**TASK GOAL**
Include in the reply only the lines from the start of the data below through the line containing "0) x (0, 1, 0)", reproduced exactly and with no pictures.

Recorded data
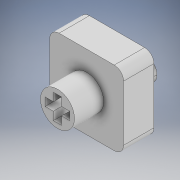
# Autodesk Inventor part: IPC CRUS 5 key
Saved by Autodesk Inventor 2022 (Build 260153000, 153)
## iProperties
Created: 2021-12-31
Part Number: IPC CRUS 5 key
Material: Generic
Document SubType Name: Modeling
Designer: solor
Density: 1 g/cm^3
Appearance: Default
Author: solor
Autodesk Inventor part; units mm, degrees
ref_plane "YZ Plane" through (0, 0, 0) normal (1, 0, 0) x (0, 1, 0)
ref_plane "XZ Plane" through (0, 0, 0) normal (0, 1, 0) x (-1, 0, 0)
sketch "Sketch1" plane through (0, 0, 0) normal (0, 0, 1) x (1, 0, 0)
  line L0 (14.6962, 12.74) -> (14.6962, 0) construction
  line L1 (10.61, 12.2) -> (1.53, 12.2)
  arc A0 (1.53, 12.2) -> (0, 10.67) centre (1.53, 10.67) ccw
  line L2 (0, 10.67) -> (0, 1.53)
  arc A1 (0, 1.53) -> (1.53, 0) centre (1.53, 1.53) ccw
  line L3 (1.53, 0) -> (10.61, 0)
  arc A2 (10.61, 0) -> (12.14, 1.53) centre (10.61, 1.53) ccw
  arc A3 (12.14, 10.67) -> (10.61, 12.2) centre (10.61, 10.67) ccw
  line L4 (12.14, 10.67) -> (12.14, 1.53)
  point P0 (0, 0)
  point P1 (0, 0)
  dimension "d10" = 12.74
  constraints: 10 end point, 8 point on circle, 4 centre point, 2 vertical, 1 point on line
  measures "d10" distance of L0.start L0.end
ref_plane "Work Plane1" through (0, 0, 5) normal (0, 0, 1) x (1, 0, 0)
sketch "Sketch2" plane through (0, 0, 5) normal (0, 0, 1) x (1, 0, 0)
  line L0 (10.88, 12.74) -> (1.8, 12.74) projected
  line L1 (10.88, 12.74) -> (1.8, 12.74) projected
  arc A0 (1.8, 12.74) -> (0, 10.94) centre (1.8, 10.94) ccw projected
  line L2 (0, 10.94) -> (0, 1.8) projected
  arc A1 (0, 1.8) -> (1.8, 0) centre (1.8, 1.8) ccw projected
  line L3 (1.8, 0) -> (10.88, 0) projected
  arc A2 (10.88, 0) -> (12.68, 1.8) centre (10.88, 1.8) ccw projected
  line L4 (12.68, 1.8) -> (12.68, 10.94) projected
  arc A3 (12.68, 10.94) -> (10.88, 12.74) centre (10.88, 10.94) ccw projected
  circle A4 centre (6.34, 6.37) radius 2.8
  line L5 (5.665, 8.395) -> (7.015, 8.395)
  line L6 (7.015, 4.345) -> (5.665, 4.345)
  line L7 (5.665, 4.345) -> (7.015, 8.395) construction
  line L8 (5.665, 8.395) -> (7.015, 4.345) construction
  line L9 (8.365, 5.695) -> (8.365, 7.045)
  line L10 (4.315, 7.045) -> (4.315, 5.695)
  line L11 (4.315, 5.695) -> (8.365, 7.045) construction
  line L12 (8.365, 5.695) -> (4.315, 7.045) construction
  line L13 (4.315, 5.695) -> (5.665, 5.695)
  line L14 (7.015, 5.695) -> (8.365, 5.695)
  line L15 (5.665, 4.345) -> (5.665, 5.695)
  line L16 (5.665, 7.045) -> (5.665, 8.395)
  line L17 (8.365, 7.045) -> (7.015, 7.045)
  line L18 (5.665, 7.045) -> (4.315, 7.045)
  line L19 (7.015, 8.395) -> (7.015, 7.045)
  line L20 (7.015, 5.695) -> (7.015, 4.345)
  point P0 (0, 0)
  dimension "d3" = 5.6
  dimension "d4" = 4.05
  dimension "d5" = 1.35
  dimension "d6" = 4.05
  dimension "d7" = 1.35
  constraints: 32 end point, 10 parallel, 8 perpendicular, 4 midpoint, 2 vertical, 1 centre point
  measures "d3" diameter of A4
  measures "d4" distance of L6.end L5.start
  measures "d5" distance of L5.start L5.end
  measures "d6" distance of L10.end L9.start
  measures "d7" distance of L9.end L9.start
extrude "Extrusion3" add sketch "Sketch1" along normal blind 5
sketch "Sketch3" plane through (0, 0, 5) normal (0, 0, 1) x (1, 0, 0)
  line L0 (10.61, 12.47) -> (1.53, 12.47)
  line L1 (10.61, 12.47) -> (1.53, 12.47)
  arc A0 (1.53, 12.47) -> (-0.27, 10.67) centre (1.53, 10.67) ccw
  line L2 (-0.27, 10.67) -> (-0.27, 1.53)
  arc A1 (-0.27, 1.53) -> (1.53, -0.27) centre (1.53, 1.53) ccw
  line L3 (1.53, -0.27) -> (10.61, -0.27)
  arc A2 (10.61, -0.27) -> (12.41, 1.53) centre (10.61, 1.53) ccw
  line L4 (12.41, 1.53) -> (12.41, 10.67)
  arc A3 (12.41, 10.67) -> (10.61, 12.47) centre (10.61, 10.67) ccw
  circle A4 centre (6.07, 6.1) radius 2.8
  line L5 (5.395, 8.125) -> (6.745, 8.125)
  line L6 (6.745, 4.075) -> (5.395, 4.075)
  line L7 (5.395, 4.075) -> (6.745, 8.125) construction
  line L8 (5.395, 8.125) -> (6.745, 4.075) construction
  line L9 (8.095, 5.425) -> (8.095, 6.775)
  line L10 (4.045, 6.775) -> (4.045, 5.425)
  line L11 (4.045, 5.425) -> (8.095, 6.775) construction
  line L12 (8.095, 5.425) -> (4.045, 6.775) construction
  line L13 (4.045, 5.425) -> (5.395, 5.425)
  line L14 (6.745, 5.425) -> (8.095, 5.425)
  line L15 (5.395, 4.075) -> (5.395, 5.425)
  line L16 (5.395, 6.775) -> (5.395, 8.125)
  line L17 (8.095, 6.775) -> (6.745, 6.775)
  line L18 (5.395, 6.775) -> (4.045, 6.775)
  line L19 (6.745, 8.125) -> (6.745, 6.775)
  line L20 (6.745, 5.425) -> (6.745, 4.075)
  line L21 (10.61, 12.2) -> (1.53, 12.2) projected
  line L22 (0, 10.67) -> (0, 1.53) projected
  point P0 (0, 0)
  point P1 (-0.27, -0.27)
  point P2 (6.07, 12.2)
  point P3 (0, 6.1)
  point P4 (6.07, 6.1)
  dimension "d14" = 5.6
  dimension "d15" = 4.05
  dimension "d16" = 1.35
  dimension "d17" = 4.05
  dimension "d18" = 1.35
  constraints: 42 end point, 10 parallel, 8 perpendicular, 8 point on circle, 6 midpoint, 5 centre point, 2 vertical
  measures "d14" diameter of A4
  measures "d15" distance of L6.end L5.start
  measures "d16" distance of L5.start L5.end
  measures "d17" distance of L10.end L9.start
  measures "d18" distance of L9.end L9.start
extrude "Extrusion4" add sketch "Sketch3" along normal blind 4.8 contours A4
sketch "Sketch4" plane through (0, 0, 0) normal (0, 0, -1) x (-1, 0, 0)
  line L0 (-13.9436, 0) -> (-13.9436, 2.266)
  line L1 (-15.5559, 0) -> (-15.5559, 6.84)
  line L2 (-1.53, 0) -> (-10.61, 0) projected
  line L3 (-11.8709, 10.0136) -> (-0.2691, 10.0136) construction
  line L4 (-0.2691, 10.0136) -> (-0.2691, 6.84) construction
  line L5 (-0.2691, 6.84) -> (-11.8709, 6.84) construction
  line L6 (-11.8709, 6.84) -> (-11.8709, 10.0136) construction
  line L7 (-7.4059, 5.3803) -> (-4.7341, 5.3803) construction
  line L8 (-4.7341, 5.3803) -> (-4.7341, 2.266) construction
  line L9 (-4.7341, 2.266) -> (-7.4059, 2.266) construction
  line L10 (-7.4059, 2.266) -> (-7.4059, 5.3803) construction
  spline S0 degree 2 poles (-10.2397, 6.8449) (-10.9268, 6.8449) (-11.7325, 7.6754) (-11.7325, 8.4268) knots 0 0 0 1 2 2 2
  spline S1 degree 2 poles (-11.7325, 8.4268) (-11.7325, 9.151) (-10.9243, 10.0136) (-10.2372, 10.0136) knots 0 0 0 1 2 2 2
  spline S2 degree 2 poles (-10.2372, 10.0136) (-10.0568, 10.0136) (-9.7651, 9.9716) (-9.6316, 9.937) knots 0 0 0 1 2 2 2
  spline S3 degree 2 poles (-9.6316, 9.937) (-9.5278, 9.9048) (-9.2831, 9.7985) (-9.2065, 9.759) knots 0 0 0 1 2 2 2
  line L11 (-9.2065, 9.759) -> (-9.2065, 9.0323)
  line L12 (-9.2065, 9.0323) -> (-9.2831, 9.0323)
  spline S4 degree 2 poles (-9.2831, 9.0323) (-9.34, 9.0818) (-9.508, 9.2202) (-9.6143, 9.2844) knots 0 0 0 1 2 2 2
  spline S5 degree 2 poles (-9.6143, 9.2844) (-9.7206, 9.3512) (-9.9752, 9.4426) (-10.1161, 9.4426) knots 0 0 0 1 2 2 2
  spline S6 degree 2 poles (-10.1161, 9.4426) (-10.2817, 9.4426) (-10.556, 9.3388) (-10.6821, 9.2078) knots 0 0 0 1 2 2 2
  spline S7 degree 2 poles (-10.6821, 9.2078) (-10.7958, 9.0917) (-10.9416, 8.6937) (-10.9416, 8.4243) knots 0 0 0 1 2 2 2
  spline S8 degree 2 poles (-10.9416, 8.4243) (-10.9416, 8.1401) (-10.7908, 7.752) (-10.6672, 7.6334) knots 0 0 0 1 2 2 2
  spline S9 degree 2 poles (-10.6672, 7.6334) (-10.5486, 7.5172) (-10.257, 7.4159) (-10.1111, 7.4159) knots 0 0 0 1 2 2 2
  spline S10 degree 2 poles (-10.1111, 7.4159) (-9.9604, 7.4159) (-9.686, 7.5172) (-9.5921, 7.579) knots 0 0 0 1 2 2 2
  spline S11 degree 2 poles (-9.5921, 7.579) (-9.4883, 7.6408) (-9.3326, 7.7718) (-9.2757, 7.8237) knots 0 0 0 1 2 2 2
  line L13 (-9.2757, 7.8237) -> (-9.2065, 7.8237)
  line L14 (-9.2065, 7.8237) -> (-9.2065, 7.1069)
  spline S12 degree 2 poles (-9.2065, 7.1069) (-9.2905, 7.0674) (-9.5105, 6.9685) (-9.6292, 6.9339) knots 0 0 0 1 2 2 2
  spline S13 degree 2 poles (-9.6292, 6.9339) (-9.7725, 6.8894) (-10.0221, 6.8449) (-10.2397, 6.8449) knots 0 0 0 1 2 2 2
  line L15 (-5.9365, 6.9043) -> (-6.8683, 6.9043)
  line L16 (-6.8683, 6.9043) -> (-7.7161, 8.0239)
  line L17 (-7.7161, 8.0239) -> (-7.9929, 8.0239)
  line L18 (-7.9929, 8.0239) -> (-7.9929, 6.9043)
  line L19 (-7.9929, 6.9043) -> (-8.7542, 6.9043)
  line L20 (-8.7542, 6.9043) -> (-8.7542, 9.9543)
  line L21 (-8.7542, 9.9543) -> (-7.5283, 9.9543)
  spline S14 degree 2 poles (-7.5283, 9.9543) (-7.2737, 9.9543) (-6.898, 9.89) (-6.7373, 9.7911) knots 0 0 0 1 2 2 2
  spline S15 degree 2 poles (-6.7373, 9.7911) (-6.5742, 9.6873) (-6.3814, 9.3635) (-6.3814, 9.1164) knots 0 0 0 1 2 2 2
  spline S16 degree 2 poles (-6.3814, 9.1164) (-6.3814, 8.7679) (-6.6978, 8.3304) (-6.9623, 8.2019) knots 0 0 0 1 2 2 2
  line L22 (-6.9623, 8.2019) -> (-5.9365, 6.9043)
  spline S17 degree 2 poles (-7.1674, 9.02) (-7.1674, 9.1362) (-7.2564, 9.3018) (-7.3577, 9.3462) knots 0 0 0 1 2 2 2
  spline S18 degree 2 poles (-7.3577, 9.3462) (-7.4294, 9.3759) (-7.6049, 9.3932) (-7.7359, 9.3932) knots 0 0 0 1 2 2 2
  line L23 (-7.7359, 9.3932) -> (-7.9929, 9.3932)
  line L24 (-7.9929, 9.3932) -> (-7.9929, 8.5726)
  line L25 (-7.9929, 8.5726) -> (-7.773, 8.5726)
  spline S19 degree 2 poles (-7.773, 8.5726) (-7.6148, 8.5726) (-7.3899, 8.6122) (-7.3132, 8.674) knots 0 0 0 1 2 2 2
  spline S20 degree 2 poles (-7.3132, 8.674) (-7.2391, 8.7333) (-7.1674, 8.8915) (-7.1674, 9.02) knots 0 0 0 1 2 2 2
  spline S21 degree 2 poles (-4.4758, 6.84) (-5.0912, 6.84) (-5.7536, 7.4332) (-5.7536, 8.0066) knots 0 0 0 1 2 2 2
  line L26 (-5.7536, 8.0066) -> (-5.7536, 9.9543)
  line L27 (-5.7536, 9.9543) -> (-4.9874, 9.9543)
  line L28 (-4.9874, 9.9543) -> (-4.9874, 8.0511)
  spline S22 degree 2 poles (-4.9874, 8.0511) (-4.9874, 7.7323) (-4.7477, 7.4208) (-4.4758, 7.4208) knots 0 0 0 1 2 2 2
  spline S23 degree 2 poles (-4.4758, 7.4208) (-4.2113, 7.4208) (-3.9642, 7.7199) (-3.9642, 8.0511) knots 0 0 0 1 2 2 2
  line L29 (-3.9642, 8.0511) -> (-3.9642, 9.9543)
  line L30 (-3.9642, 9.9543) -> (-3.198, 9.9543)
  line L31 (-3.198, 9.9543) -> (-3.198, 8.0091)
  spline S24 degree 2 poles (-3.198, 8.0091) (-3.198, 7.4456) (-3.8431, 6.84) (-4.4758, 6.84) knots 0 0 0 1 2 2 2
  spline S25 degree 2 poles (-1.668, 6.8499) (-2.019, 6.8499) (-2.5479, 6.9858) (-2.7753, 7.0847) knots 0 0 0 1 2 2 2
  line L32 (-2.7753, 7.0847) -> (-2.7753, 7.8114)
  line L33 (-2.7753, 7.8114) -> (-2.7061, 7.8114)
  spline S26 degree 2 poles (-2.7061, 7.8114) (-2.4762, 7.6161) (-1.9251, 7.406) (-1.6655, 7.406) knots 0 0 0 1 2 2 2
  spline S27 degree 2 poles (-1.6655, 7.406) (-1.5988, 7.406) (-1.3838, 7.4357) (-1.3195, 7.4653) knots 0 0 0 1 2 2 2
  spline S28 degree 2 poles (-1.3195, 7.4653) (-1.2404, 7.4999) (-1.1292, 7.626) (-1.1292, 7.7273) knots 0 0 0 1 2 2 2
  spline S29 degree 2 poles (-1.1292, 7.7273) (-1.1292, 7.8435) (-1.3096, 7.9868) (-1.4332, 8.019) knots 0 0 0 1 2 2 2
  spline S30 degree 2 poles (-1.4332, 8.019) (-1.5889, 8.061) (-1.9424, 8.1327) (-2.0981, 8.187) knots 0 0 0 1 2 2 2
  spline S31 degree 2 poles (-2.0981, 8.187) (-2.4515, 8.3106) (-2.758, 8.7333) (-2.758, 9.0496) knots 0 0 0 1 2 2 2
  spline S32 degree 2 poles (-2.758, 9.0496) (-2.758, 9.4772) (-2.0338, 10.0086) (-1.4901, 10.0086) knots 0 0 0 1 2 2 2
  spline S33 degree 2 poles (-1.4901, 10.0086) (-1.2182, 10.0086) (-0.6794, 9.8974) (-0.4668, 9.8035) knots 0 0 0 1 2 2 2
  line L34 (-0.4668, 9.8035) -> (-0.4668, 9.1065)
  line L35 (-0.4668, 9.1065) -> (-0.5335, 9.1065)
  spline S34 degree 2 poles (-0.5335, 9.1065) (-0.7041, 9.2523) (-1.1935, 9.4525) (-1.4505, 9.4525) knots 0 0 0 1 2 2 2
  spline S35 degree 2 poles (-1.4505, 9.4525) (-1.5518, 9.4525) (-1.71, 9.4229) (-1.799, 9.3833) knots 0 0 0 1 2 2 2
  spline S36 degree 2 poles (-1.799, 9.3833) (-1.8707, 9.3512) (-1.9745, 9.2227) (-1.9745, 9.1436) knots 0 0 0 1 2 2 2
  spline S37 degree 2 poles (-1.9745, 9.1436) (-1.9745, 9.0249) (-1.8089, 8.889) (-1.5716, 8.8346) knots 0 0 0 1 2 2 2
  spline S38 degree 2 poles (-1.5716, 8.8346) (-1.4184, 8.8) (-1.1341, 8.7333) (-0.971, 8.6764) knots 0 0 0 1 2 2 2
  spline S39 degree 2 poles (-0.971, 8.6764) (-0.6546, 8.5603) (-0.3457, 8.1747) (-0.3457, 7.8583) knots 0 0 0 1 2 2 2
  spline S40 degree 2 poles (-0.3457, 7.8583) (-0.3457, 7.4035) (-1.06, 6.8499) (-1.668, 6.8499) knots 0 0 0 1 2 2 2
  spline S41 degree 2 poles (-4.9244, 3.3634) (-4.9244, 3.1237) (-5.0875, 2.7183) (-5.2482, 2.5725) knots 0 0 0 1 2 2 2
  spline S42 degree 2 poles (-5.2482, 2.5725) (-5.4088, 2.4267) (-5.8488, 2.266) (-6.1701, 2.266) knots 0 0 0 1 2 2 2
  spline S43 degree 2 poles (-6.1701, 2.266) (-6.5112, 2.2685) (-7.0006, 2.3797) (-7.1612, 2.4514) knots 0 0 0 1 2 2 2
  line L36 (-7.1612, 2.4514) -> (-7.1612, 3.1162)
  line L37 (-7.1612, 3.1162) -> (-7.092, 3.1162)
  spline S44 degree 2 poles (-7.092, 3.1162) (-7.0327, 3.0841) (-6.8893, 3.0001) (-6.7732, 2.9556) knots 0 0 0 1 2 2 2
  spline S45 degree 2 poles (-6.7732, 2.9556) (-6.6644, 2.9136) (-6.4395, 2.8567) (-6.3036, 2.8567) knots 0 0 0 1 2 2 2
  spline S46 degree 2 poles (-6.3036, 2.8567) (-6.1849, 2.8567) (-5.9081, 2.916) (-5.8241, 2.9951) knots 0 0 0 1 2 2 2
  spline S47 degree 2 poles (-5.8241, 2.9951) (-5.7623, 3.0569) (-5.6931, 3.2077) (-5.6931, 3.3337) knots 0 0 0 1 2 2 2
  spline S48 degree 2 poles (-5.6931, 3.3337) (-5.6931, 3.4425) (-5.7821, 3.5957) (-5.8537, 3.6427) knots 0 0 0 1 2 2 2
  spline S49 degree 2 poles (-5.8537, 3.6427) (-5.9575, 3.7119) (-6.2541, 3.7515) (-6.3604, 3.7515) knots 0 0 0 1 2 2 2
  spline S50 degree 2 poles (-6.3604, 3.7515) (-6.5285, 3.7515) (-6.8473, 3.6971) (-6.9635, 3.6674) knots 0 0 0 1 2 2 2
  line L38 (-6.9635, 3.6674) -> (-7.0302, 3.6674)
  line L39 (-7.0302, 3.6674) -> (-7.0302, 5.3803)
  line L40 (-7.0302, 5.3803) -> (-5.0084, 5.3803)
  line L41 (-5.0084, 5.3803) -> (-5.0084, 4.8044)
  line L42 (-5.0084, 4.8044) -> (-6.306, 4.8044)
  line L43 (-6.306, 4.8044) -> (-6.306, 4.2977)
  spline S51 degree 2 poles (-6.306, 4.2977) (-6.2443, 4.3026) (-6.0737, 4.3076) (-6.0267, 4.3076) knots 0 0 0 1 2 2 2
  spline S52 degree 2 poles (-6.0267, 4.3076) (-5.8068, 4.3076) (-5.436, 4.2186) (-5.2902, 4.1271) knots 0 0 0 1 2 2 2
  spline S53 degree 2 poles (-5.2902, 4.1271) (-5.1172, 4.0134) (-4.9244, 3.6353) (-4.9244, 3.3634) knots 0 0 0 1 2 2 2
  point P0 (0, 0)
  point P1 (-6.07, 0)
  point P2 (-6.07, 2.266)
  point P3 (-6.07, 6.84)
  point P4 (-6.07, 6.84)
  point P5 (-6.07, 2.266)
  dimension "d21" = 2.266
  dimension "d22" = 6.84
  constraints: 4 end point, 3 midpoint, 2 vertical, 4 other
  measures "d21" distance of L0.start L0.end
  measures "d22" distance of L1.start L1.end
extrude "Extrusion5" add sketch "Sketch4" along normal blind 0.9
body "Solid2"

**SOLUTION FOR THIS PROBLEM**
# Autodesk Inventor part: IPC CRUS 5 key
Saved by Autodesk Inventor 2022 (Build 260153000, 153)
## iProperties
Created: 2021-12-31
Part Number: IPC CRUS 5 key
Material: Generic
Document SubType Name: Modeling
Designer: solor
Density: 1 g/cm^3
Appearance: Default
Author: solor
Autodesk Inventor part; units mm, degrees
ref_plane "YZ Plane" through (0, 0, 0) normal (1, 0, 0) x (0, 1, 0)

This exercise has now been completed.